Depois disso, a amônia permanece. Se a sua saúde do fígado é comprometida, ou sua ingestão de proteínas excede tua competência de desintoxicação de amônia, a amônia poderá se tornar tóxica. A toxicidade aguda de amônia é neurotóxica, fazendo com que seus astrócitos inchem. A fome de coelho, que afligiu exploradores do Ártico vivendo exclusivamente de proteína magra (coelhos) e razão náuseas, diarréia e, eventualmente, morte, podes derivar da toxicidade da amônia. Uma toxicidade de amônia mais sutil e de menor grau eventualmente existe em pessoas com ingestão crônica de proteína.

Os perigos são pela maioria teóricos contudo baseados na fisiologia – a amônia é uma toxina, e existe um limite pra quanto dela queremos converter em uréia. Dieta de alta proteína poderá construir toxinas no intestino. As entradas de proteína suficientemente altas podem exceder a capacidade do intestino de absorvê-la.

  • Faça emprego do terraço
  • Seja ágil, prático e focado
  • 8 – Montar o seu Pc permite a escolha do sistema operacional
  • Estava distraído ou conversando durante sua alimentação
  • Use imagens e quadros

A proteína deste modo passa para o cólon, onde as bactérias colônicas fermentam e produzem subprodutos metabólicos como amônia, indóis e fenóis. Como muitos destes compostos conseguem ter efeitos tóxicos, alguns têm sugerido que o exagero de fermentação proteica produz um ambiente tóxico intestinal. Em um estudo, os pesquisadores deram aos indivíduos uma dieta rica em proteínas, uma dieta indigente em proteínas ou uma dieta protéica normal. Eles analisaram a água fecal de cada grupo pra provas de fermentação de proteínas e realizou uma série de testes para estipular a toxicidade de cada lote de água fecal.

Surpreendentemente, enquanto a água fecal de alta proteína tinha marcadores elevados de fermentação, não era tóxica e os metabolitos elevados de fermentação de proteínas estavam realmente correlacionados com uma pequeno citotoxicidade (posse nociva de uma substância em conexão às células). Dietas ricas em proteínas causam câncer. Os veganos adoram indicar a procura de T. Colin Campbell do China Study, que pareceu evidenciar que a ingestão elevada de proteína causou um aumento das mortes por câncer. Enquanto a ingestão adequada de proteína (a partir da caseína) promoveu o desenvolvimento de tumores existentes nesses roedores, assim como protegeu contra os mutágenos que causam o aparecimento inicial de tumores.

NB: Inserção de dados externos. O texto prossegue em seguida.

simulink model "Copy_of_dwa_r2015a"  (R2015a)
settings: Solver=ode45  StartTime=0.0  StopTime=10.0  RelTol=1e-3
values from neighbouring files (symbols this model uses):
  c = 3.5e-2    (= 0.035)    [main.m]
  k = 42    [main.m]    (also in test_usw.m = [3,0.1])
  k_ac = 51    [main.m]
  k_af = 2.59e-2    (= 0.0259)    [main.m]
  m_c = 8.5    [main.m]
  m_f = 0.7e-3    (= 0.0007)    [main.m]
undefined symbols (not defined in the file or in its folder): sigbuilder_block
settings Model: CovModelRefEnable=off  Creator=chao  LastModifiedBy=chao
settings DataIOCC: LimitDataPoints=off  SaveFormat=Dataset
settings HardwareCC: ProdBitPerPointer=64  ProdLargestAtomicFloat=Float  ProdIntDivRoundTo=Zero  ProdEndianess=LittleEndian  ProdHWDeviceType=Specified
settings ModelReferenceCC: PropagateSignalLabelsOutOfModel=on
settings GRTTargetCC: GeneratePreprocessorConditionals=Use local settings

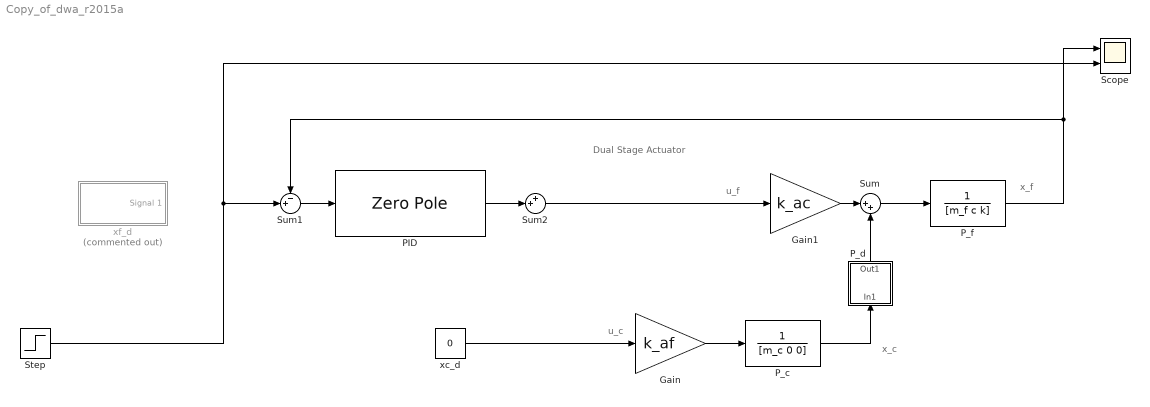
== system Copy_of_dwa_r2015a ==
  note: Dual Stage Actuator
  note: u_f
  note: u_c
  note: x_c
  note: x_f
  Gain : Gain  Gain=k_af
  Gain1 : Gain  Gain=k_ac
  PID : ZeroPole  Zeros=[-2*pi*100 -2*pi*333]  Poles=[0 -2*pi*3000]  Gain=[3.2e6]
  P_c : TransferFcn  Denominator=[m_c 0 0]
  P_d : Subsystem
  P_f : TransferFcn  Denominator=[m_f c k]
  Scope : Scope  NumInputPorts=2
      settings: TimeRange=auto  MaxDataPoints=5000  SaveToWorkspace=off  SaveName=ScopeData  YMin=-0.00024~-5  YMax=0.00217~5  SampleTime=-1
  Step : Step  After=1e-3  SampleTime=0
  Sum : Sum  Inputs=|++
  Sum1 : Sum  Inputs=-+|
  Sum2 : Sum  Inputs=++|
  xc_d : Constant  Value=0
  xf_d : Subsystem  Tag=STV Subsys  Commented=on  LoadFcn=sigbuilder_block('load');  StartFcn=sigbuilder_block('start');  StopFcn=sigbuilder_block('stop');  ClipboardFcn=sigbuilder_block('clipboard');  mask(Sigbuilder block){}
      mask help: Simulink:masks:SigbuilderBlock_MD
      mask init:
      | if ~strcmp(get_param(bdroot(gcbh),'SimulationStatus'),'stopped') tuvar = sigbuilder_block('maskInit'); end
      settings: CopyFcn=sigbuilder_block('copy');  DeleteFcn=sigbuilder_block('delete');  ModelCloseFcn=sigbuilder_block('modelClose');  PreSaveFcn=sigbuilder_block('preSave');  PauseFcn=sigbuilder_block('pause');  ContinueFcn=sigbuilder_block('continue');  NameChangeFcn=sigbuilder_block('namechange');  OpenFcn=sigbuilder_block('open',[437.4 192 550.8 400.2 ]);  CloseFcn=sigbuilder_block('close');
      mask Display: plot(0, 0, 100, 100,[2, 2, 32, 32, 2], [68, 8, 8, 68, 68],[32, 2], [38, 38], [32, 19, 2],[53, 60, 44], [32, 17, 17, 2],[16, 16, 31, 31]);txt = getActiveGroup(gcbh);text(2, 100, txt,'verticalAlignment', 'top');
  wires:
  Gain1/1 -> Sum/1
  Sum/1 -> P_f/1
  P_d/1(Out1) -> Sum/2
  P_c/1 -> P_d/1(In1)
  Gain/1 -> P_c/1
  Sum1/1 -> PID/1
  PID/1 -> Sum2/2
  Sum2/1 -> Gain1/1
  xc_d/1 -> Gain/1
  P_f/1 -> Scope/1, Sum1/1
  Step/1 -> Scope/2, Sum1/2

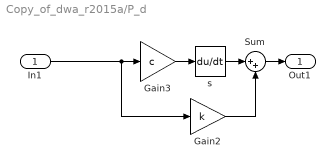
== system Copy_of_dwa_r2015a/P_d ==
  In1 : Inport
  Gain2 : Gain  Gain=k
  Gain3 : Gain  Gain=c
  Sum : Sum  Inputs=|++
  s : Derivative
  Out1 : Outport
  wires:
  Sum/1 -> Out1/1
  Gain2/1 -> Sum/2
  s/1 -> Sum/1
  Gain3/1 -> s/1
  In1/1 -> Gain2/1, Gain3/1

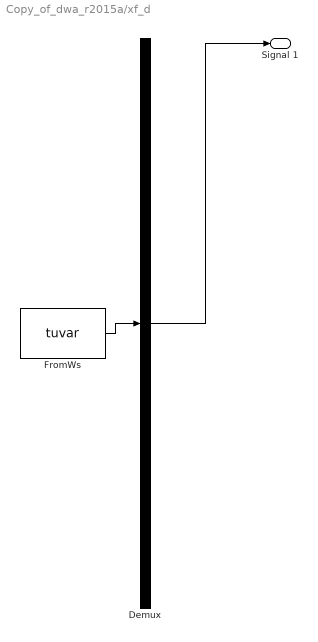
== system Copy_of_dwa_r2015a/xf_d ==
  Demux : Demux  Tag=STV Demux  Outputs=1
  FromWs : FromWorkspace  Tag=STV FromWs  VariableName=tuvar  SampleTime=0
      SigBuilderData=|
      | common.afterFinalStr = 'Extrapolate'
      | common.sampleTime = 0
      | dataSet.timeRange = [0 10]
      | dataSet.name = 'Group 1'
      | sbobj.Groups.Name = 'Group 1'
      | sbobj.Groups.Signals.Name = 'Signal 1'
      | sbobj.Groups.Signals.XData = [0 1 4 5 8 10]
      | sbobj.Groups.Signals.YData = [0 0 0.001 0.001 0 0]
  Signal 1 : Outport  Tag=STV Outport
  wires:
  Demux/1 -> Signal 1/1
  FromWs/1 -> Demux/1

Proteína foi protetora contra o câncer até o que eles de imediato tinham, ao instante que acelerou a progressão do câncer. Os roedores pela dieta de baixa proteína foram mais suscetíveis a contrair câncer depois da exposição à aflatoxina (substância tóxica e cancerígena produzida por alguns tipos de fungos). Uma vez que os roedores de imediato tinham câncer, a baixa proteína protege contra o progresso. Mais precisão: a proteína adequada protege contra o começo do câncer (e porventura outros males), entretanto os pacientes com câncer necessitam limitá-lo.